What's the difference between NIPT and the combined screening test?

Studies have shown that the NIPT detects more cases of Down syndrome, Edwards’ syndrome and Patau’s syndrome than the combined test, and that it is often more accurate. This means that fewer pregnant women are unnecessarily referred for follow-up diagnostic testing.

What are secondary findings?

As part of the TRIDENT study, pregnant women can indicate whether they would like to be informed about any other chromosomal abnormalities in addition to trisomy 21, 18 and 13. In the context of a screening programme for trisomy 21, 18 and 13 these abnormalities are deemed to be ‘additional findings’. Of the pregnant women who chose to be informed about additional findings, 0.36% were identified as having a high-risk for chromosomal abnormalities other than the common trisomies. If you indicate you want to be informed about any additional findings, only those additional findings will be reported that (1) are known to cause or likely to cause disease, and (2) have severe consequences for the health of the baby if the finding were to be confirmed by diagnostic testing.

What are the costs?

Not all prenatal screening is covered by insurance:

NIPT: €175,-

Combinatietest: €176,96

Structureel echoscopisch onderzoek (second trimester anomaly scan): Covered by your insurancer. If you don’t have an insurance, it will cost €164,92

How to apply for prenatal screening?

The NIPT and Anomaly scan can be performed at our ultrasound center. The combined screening test is done exclusively at Amsterdam UMC location VUmc.
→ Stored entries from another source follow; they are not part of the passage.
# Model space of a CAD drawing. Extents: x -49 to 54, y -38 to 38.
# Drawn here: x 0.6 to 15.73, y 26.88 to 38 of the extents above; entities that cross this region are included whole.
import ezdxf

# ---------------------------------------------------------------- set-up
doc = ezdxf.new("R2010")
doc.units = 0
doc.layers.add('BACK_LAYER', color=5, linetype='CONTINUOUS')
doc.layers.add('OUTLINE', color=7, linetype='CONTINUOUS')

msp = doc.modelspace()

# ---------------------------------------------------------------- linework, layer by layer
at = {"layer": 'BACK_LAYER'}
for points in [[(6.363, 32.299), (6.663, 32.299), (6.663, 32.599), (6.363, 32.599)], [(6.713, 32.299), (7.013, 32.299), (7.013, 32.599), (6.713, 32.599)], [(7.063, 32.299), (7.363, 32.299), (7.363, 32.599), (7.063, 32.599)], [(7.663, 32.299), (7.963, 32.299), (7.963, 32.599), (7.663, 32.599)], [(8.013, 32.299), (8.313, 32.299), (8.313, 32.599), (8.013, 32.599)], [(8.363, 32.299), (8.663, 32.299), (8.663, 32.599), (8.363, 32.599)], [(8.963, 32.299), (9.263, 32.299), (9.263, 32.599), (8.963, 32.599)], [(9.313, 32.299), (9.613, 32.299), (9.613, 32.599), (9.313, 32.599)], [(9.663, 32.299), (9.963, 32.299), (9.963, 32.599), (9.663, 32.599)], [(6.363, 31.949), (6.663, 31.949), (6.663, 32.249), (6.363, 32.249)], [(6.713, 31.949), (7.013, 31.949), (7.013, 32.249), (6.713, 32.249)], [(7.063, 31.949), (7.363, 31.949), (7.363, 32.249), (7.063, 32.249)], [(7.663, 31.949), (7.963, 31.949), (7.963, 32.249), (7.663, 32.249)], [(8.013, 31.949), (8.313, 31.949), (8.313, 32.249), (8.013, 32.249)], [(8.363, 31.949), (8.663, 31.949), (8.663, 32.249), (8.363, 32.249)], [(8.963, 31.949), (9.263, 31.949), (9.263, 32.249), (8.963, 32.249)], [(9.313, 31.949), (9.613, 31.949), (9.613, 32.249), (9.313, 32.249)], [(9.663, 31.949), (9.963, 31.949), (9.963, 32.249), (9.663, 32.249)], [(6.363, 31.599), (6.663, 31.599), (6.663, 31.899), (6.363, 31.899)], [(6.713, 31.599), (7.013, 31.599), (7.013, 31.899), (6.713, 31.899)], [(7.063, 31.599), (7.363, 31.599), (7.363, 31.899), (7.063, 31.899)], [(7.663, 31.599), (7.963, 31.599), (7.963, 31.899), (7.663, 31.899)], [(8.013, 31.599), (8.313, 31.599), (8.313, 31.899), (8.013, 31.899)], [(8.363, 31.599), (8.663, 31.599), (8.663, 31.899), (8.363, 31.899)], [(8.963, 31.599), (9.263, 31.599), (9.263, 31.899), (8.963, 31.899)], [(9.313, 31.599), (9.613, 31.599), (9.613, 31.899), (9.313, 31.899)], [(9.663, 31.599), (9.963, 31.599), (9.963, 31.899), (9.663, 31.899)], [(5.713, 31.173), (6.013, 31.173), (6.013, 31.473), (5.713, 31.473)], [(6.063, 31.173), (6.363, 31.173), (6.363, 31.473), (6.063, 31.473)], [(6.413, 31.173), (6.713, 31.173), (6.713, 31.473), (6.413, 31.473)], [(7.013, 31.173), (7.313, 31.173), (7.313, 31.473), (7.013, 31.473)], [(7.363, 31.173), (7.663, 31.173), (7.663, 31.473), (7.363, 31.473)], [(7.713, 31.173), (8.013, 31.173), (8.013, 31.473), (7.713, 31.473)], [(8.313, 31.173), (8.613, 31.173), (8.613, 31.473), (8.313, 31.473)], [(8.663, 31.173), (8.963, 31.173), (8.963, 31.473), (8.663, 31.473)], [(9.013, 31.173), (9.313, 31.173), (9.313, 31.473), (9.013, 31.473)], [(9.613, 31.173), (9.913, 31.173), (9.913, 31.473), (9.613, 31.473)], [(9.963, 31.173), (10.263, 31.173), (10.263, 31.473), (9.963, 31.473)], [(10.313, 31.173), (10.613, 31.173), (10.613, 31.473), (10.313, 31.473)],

Click here to apply for the NIPT.

How reliable is prenatal screening?

The NIPT will detect:

  • 97 of 100 children with trisomy 21
  • 90 of 100 children with trisomy 18
  • 90 of 100 children with trisomy 13


The combined screening test detects:

  • 85 of 100 children with trisomy 21
  • 77 of 100 children with trisomy 18
  • 65 of 100 children with trisomy 13


The anomaly scan can detect numerous physical defects, however not all defects can be found.

What diagnostic tests are possible?

If the result of the NIPT, combination test shows abnormalities, you will be offered a follow-up examination. This follow-up examination consists of a villus test or an amniocentesis and takes place at the Amsterdam UMC (location VUmc or AMC). These tests determine with certainty whether or not the baby has abnormalities. These tests are invasive, meaning there is a small chance of miscarriage. The chance that this happened with the amniocentesis and villi test is about 1: 500 or 0.2%.

When will I receive the results?

NIPT: Within 12 days

Combined screening test: within a week after the scan if the blood test has been perform a week beforehand.

Anomaly scan: During the scan, the ultrasound expert will explain if she she’s (signs of) an abnormality and will suggest what fruitier research is necessary.

I'm pregnant with twins, can I still perform a NIPT?

Yes, if you are pregnant with twins you can opt for the NIPT non-invasive prenatal test. The result of the NIPT is just as reliable for identical twins as for a singleton. In fraternal twins, the NIPT may be slightly less reliable. Has NIPT found an indication of an abnormality? In that case, it is not known for fraternal twins to which child this result applies. This requires a follow-up examination of both children.